→ **Directions**: Repeat only the lines below from the one containing "G5 : Inport" through the one containing "G6/1 -> IGBT6/1", inclusive, exactly as written.

'''

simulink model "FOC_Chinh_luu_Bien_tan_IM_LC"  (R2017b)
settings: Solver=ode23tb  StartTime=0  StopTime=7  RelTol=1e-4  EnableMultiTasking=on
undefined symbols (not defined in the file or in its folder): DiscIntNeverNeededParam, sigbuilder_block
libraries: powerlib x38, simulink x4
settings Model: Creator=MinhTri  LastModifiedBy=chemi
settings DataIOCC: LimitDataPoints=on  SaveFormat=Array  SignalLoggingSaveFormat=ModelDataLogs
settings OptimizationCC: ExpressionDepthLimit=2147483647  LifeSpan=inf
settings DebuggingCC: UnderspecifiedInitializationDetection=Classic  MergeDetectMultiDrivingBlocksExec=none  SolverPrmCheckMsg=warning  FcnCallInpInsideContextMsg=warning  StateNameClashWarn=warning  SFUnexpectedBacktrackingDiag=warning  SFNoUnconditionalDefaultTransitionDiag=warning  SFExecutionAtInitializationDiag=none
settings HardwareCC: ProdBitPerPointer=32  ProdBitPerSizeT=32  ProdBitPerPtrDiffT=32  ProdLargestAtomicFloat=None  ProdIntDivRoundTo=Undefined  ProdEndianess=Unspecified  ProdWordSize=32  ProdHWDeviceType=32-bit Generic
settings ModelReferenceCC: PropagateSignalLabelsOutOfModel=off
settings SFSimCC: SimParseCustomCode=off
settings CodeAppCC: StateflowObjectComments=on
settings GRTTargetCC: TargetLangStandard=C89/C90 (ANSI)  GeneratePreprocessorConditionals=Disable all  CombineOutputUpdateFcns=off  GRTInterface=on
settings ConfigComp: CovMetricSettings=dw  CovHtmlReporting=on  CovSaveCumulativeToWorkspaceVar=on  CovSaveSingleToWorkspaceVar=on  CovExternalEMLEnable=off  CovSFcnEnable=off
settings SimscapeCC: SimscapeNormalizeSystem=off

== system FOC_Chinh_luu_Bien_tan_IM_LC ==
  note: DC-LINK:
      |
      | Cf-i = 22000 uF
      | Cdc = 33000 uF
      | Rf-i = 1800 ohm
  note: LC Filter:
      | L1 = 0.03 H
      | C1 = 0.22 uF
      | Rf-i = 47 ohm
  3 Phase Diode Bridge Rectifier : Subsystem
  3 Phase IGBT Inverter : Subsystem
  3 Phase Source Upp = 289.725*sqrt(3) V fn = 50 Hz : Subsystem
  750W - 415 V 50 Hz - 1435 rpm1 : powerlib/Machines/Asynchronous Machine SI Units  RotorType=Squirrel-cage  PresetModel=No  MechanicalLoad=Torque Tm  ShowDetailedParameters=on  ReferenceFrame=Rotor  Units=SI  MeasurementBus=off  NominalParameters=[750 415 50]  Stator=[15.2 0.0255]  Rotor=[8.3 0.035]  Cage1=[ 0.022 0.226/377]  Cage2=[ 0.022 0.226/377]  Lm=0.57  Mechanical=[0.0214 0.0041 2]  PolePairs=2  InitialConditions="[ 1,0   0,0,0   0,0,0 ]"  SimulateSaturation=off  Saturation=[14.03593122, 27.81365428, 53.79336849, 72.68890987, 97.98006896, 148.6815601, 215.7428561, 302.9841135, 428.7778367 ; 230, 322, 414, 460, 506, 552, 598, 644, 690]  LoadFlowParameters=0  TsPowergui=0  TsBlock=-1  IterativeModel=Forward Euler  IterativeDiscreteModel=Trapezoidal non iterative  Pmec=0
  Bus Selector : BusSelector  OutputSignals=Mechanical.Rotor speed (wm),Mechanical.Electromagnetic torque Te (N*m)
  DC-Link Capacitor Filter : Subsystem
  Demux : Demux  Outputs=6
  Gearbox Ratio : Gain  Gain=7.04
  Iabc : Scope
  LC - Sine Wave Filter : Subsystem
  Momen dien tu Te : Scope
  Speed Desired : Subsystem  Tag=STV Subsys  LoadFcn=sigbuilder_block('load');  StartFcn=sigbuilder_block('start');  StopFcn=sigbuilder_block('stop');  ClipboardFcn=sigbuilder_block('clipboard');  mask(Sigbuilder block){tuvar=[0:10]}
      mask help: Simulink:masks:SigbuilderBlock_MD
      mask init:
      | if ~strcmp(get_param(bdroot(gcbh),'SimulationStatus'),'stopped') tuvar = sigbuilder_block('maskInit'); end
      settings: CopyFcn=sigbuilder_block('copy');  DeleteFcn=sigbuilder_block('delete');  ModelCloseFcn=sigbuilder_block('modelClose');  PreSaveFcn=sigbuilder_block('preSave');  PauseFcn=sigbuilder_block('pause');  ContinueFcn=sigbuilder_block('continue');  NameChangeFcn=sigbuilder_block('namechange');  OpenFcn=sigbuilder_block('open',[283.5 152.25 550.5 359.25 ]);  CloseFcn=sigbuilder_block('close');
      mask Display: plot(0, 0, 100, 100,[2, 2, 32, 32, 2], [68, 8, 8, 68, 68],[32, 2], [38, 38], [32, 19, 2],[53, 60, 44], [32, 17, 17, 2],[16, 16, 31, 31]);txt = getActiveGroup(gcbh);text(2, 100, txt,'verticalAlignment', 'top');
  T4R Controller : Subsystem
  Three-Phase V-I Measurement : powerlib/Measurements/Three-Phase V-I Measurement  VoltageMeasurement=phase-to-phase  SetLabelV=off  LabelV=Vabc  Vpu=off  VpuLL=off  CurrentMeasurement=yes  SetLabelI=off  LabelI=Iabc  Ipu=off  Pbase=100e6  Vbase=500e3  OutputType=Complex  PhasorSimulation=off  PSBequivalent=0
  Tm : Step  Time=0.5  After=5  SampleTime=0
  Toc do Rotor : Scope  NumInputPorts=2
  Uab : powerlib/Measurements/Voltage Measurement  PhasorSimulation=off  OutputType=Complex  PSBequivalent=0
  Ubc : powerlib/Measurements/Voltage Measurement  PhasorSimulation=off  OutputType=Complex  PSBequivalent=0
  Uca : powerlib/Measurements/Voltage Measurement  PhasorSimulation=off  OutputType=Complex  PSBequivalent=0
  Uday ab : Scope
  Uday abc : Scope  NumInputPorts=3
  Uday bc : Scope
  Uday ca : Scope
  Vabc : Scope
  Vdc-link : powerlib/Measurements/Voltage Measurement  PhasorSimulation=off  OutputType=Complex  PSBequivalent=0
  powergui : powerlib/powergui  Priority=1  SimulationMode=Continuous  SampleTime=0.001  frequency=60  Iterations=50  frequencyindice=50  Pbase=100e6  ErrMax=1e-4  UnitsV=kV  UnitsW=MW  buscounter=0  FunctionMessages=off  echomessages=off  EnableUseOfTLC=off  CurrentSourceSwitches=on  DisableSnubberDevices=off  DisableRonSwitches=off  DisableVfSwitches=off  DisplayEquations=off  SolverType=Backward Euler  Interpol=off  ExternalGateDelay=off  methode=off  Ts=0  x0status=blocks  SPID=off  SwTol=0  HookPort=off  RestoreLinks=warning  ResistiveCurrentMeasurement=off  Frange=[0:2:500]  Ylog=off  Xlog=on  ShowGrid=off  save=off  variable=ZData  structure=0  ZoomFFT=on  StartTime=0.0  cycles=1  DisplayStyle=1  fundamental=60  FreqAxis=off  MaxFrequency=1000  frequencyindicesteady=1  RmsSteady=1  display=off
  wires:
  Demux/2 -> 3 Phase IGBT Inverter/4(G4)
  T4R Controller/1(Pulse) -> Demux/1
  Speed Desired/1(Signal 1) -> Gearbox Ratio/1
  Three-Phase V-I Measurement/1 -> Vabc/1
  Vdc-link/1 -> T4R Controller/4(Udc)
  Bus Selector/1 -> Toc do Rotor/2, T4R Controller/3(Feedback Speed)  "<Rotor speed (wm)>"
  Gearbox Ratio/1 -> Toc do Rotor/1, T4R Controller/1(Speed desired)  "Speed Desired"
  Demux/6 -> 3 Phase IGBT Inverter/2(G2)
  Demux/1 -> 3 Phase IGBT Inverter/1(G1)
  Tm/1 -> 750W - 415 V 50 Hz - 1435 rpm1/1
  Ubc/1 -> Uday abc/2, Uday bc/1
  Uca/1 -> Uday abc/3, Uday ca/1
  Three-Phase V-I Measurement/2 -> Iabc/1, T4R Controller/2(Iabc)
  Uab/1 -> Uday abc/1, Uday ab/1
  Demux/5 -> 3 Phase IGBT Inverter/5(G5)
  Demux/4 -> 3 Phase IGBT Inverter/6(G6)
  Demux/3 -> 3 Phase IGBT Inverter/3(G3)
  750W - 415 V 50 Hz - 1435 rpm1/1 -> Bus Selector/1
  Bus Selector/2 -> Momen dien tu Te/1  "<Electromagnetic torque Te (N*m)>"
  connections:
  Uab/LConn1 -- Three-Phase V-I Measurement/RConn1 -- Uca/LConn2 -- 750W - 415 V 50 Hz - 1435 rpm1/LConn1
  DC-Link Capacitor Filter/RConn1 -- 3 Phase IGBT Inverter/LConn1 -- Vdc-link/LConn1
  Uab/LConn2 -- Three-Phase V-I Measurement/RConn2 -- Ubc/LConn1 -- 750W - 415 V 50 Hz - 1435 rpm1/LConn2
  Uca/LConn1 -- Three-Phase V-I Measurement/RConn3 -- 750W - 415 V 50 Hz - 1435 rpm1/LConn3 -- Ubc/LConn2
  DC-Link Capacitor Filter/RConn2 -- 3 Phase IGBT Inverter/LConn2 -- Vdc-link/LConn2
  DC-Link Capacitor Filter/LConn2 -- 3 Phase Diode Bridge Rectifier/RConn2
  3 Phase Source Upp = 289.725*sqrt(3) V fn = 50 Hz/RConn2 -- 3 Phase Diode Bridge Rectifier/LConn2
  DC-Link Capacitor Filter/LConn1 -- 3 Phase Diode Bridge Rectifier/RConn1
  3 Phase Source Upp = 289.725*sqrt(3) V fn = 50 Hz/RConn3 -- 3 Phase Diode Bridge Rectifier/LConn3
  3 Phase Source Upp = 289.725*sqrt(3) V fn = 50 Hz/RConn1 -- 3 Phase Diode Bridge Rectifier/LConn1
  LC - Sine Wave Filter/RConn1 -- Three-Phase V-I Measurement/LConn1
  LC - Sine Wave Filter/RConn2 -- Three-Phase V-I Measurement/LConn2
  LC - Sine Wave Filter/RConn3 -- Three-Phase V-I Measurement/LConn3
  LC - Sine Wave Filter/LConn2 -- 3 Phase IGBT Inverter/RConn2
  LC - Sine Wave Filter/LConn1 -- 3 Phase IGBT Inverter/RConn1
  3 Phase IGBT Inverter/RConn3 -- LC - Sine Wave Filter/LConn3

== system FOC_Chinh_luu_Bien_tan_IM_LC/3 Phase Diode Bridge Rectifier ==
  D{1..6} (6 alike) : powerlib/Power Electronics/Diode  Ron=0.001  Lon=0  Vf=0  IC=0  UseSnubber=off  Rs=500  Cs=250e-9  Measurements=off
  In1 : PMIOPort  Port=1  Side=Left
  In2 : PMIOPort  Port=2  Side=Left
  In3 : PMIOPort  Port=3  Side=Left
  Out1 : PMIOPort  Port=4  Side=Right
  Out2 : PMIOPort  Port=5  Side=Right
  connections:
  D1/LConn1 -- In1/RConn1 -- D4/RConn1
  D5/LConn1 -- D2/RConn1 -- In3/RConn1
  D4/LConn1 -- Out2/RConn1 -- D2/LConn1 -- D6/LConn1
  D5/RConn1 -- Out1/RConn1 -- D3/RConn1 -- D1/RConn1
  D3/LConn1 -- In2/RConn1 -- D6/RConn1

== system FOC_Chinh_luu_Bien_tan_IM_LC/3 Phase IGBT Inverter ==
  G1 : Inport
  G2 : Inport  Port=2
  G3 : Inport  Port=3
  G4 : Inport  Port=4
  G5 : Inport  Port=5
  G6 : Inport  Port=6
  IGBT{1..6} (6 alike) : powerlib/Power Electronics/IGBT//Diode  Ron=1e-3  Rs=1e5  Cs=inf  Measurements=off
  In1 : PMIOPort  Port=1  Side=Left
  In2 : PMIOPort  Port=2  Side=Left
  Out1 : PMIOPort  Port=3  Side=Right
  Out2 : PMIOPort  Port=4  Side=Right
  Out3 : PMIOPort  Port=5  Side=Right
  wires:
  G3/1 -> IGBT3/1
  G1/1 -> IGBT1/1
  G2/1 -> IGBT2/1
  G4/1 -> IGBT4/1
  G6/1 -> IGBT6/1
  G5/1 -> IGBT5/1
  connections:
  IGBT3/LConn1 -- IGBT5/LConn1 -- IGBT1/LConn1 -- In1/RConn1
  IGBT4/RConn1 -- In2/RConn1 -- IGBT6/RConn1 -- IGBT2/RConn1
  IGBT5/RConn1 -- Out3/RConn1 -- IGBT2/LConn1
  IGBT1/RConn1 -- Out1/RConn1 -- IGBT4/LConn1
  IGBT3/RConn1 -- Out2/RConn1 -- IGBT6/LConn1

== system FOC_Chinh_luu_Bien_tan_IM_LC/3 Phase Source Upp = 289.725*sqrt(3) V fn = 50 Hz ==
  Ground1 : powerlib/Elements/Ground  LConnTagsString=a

'''

→ **Result**:
  G5 : Inport  Port=5
  G6 : Inport  Port=6
  IGBT{1..6} (6 alike) : powerlib/Power Electronics/IGBT//Diode  Ron=1e-3  Rs=1e5  Cs=inf  Measurements=off
  In1 : PMIOPort  Port=1  Side=Left
  In2 : PMIOPort  Port=2  Side=Left
  Out1 : PMIOPort  Port=3  Side=Right
  Out2 : PMIOPort  Port=4  Side=Right
  Out3 : PMIOPort  Port=5  Side=Right
  wires:
  G3/1 -> IGBT3/1
  G1/1 -> IGBT1/1
  G2/1 -> IGBT2/1
  G4/1 -> IGBT4/1
  G6/1 -> IGBT6/1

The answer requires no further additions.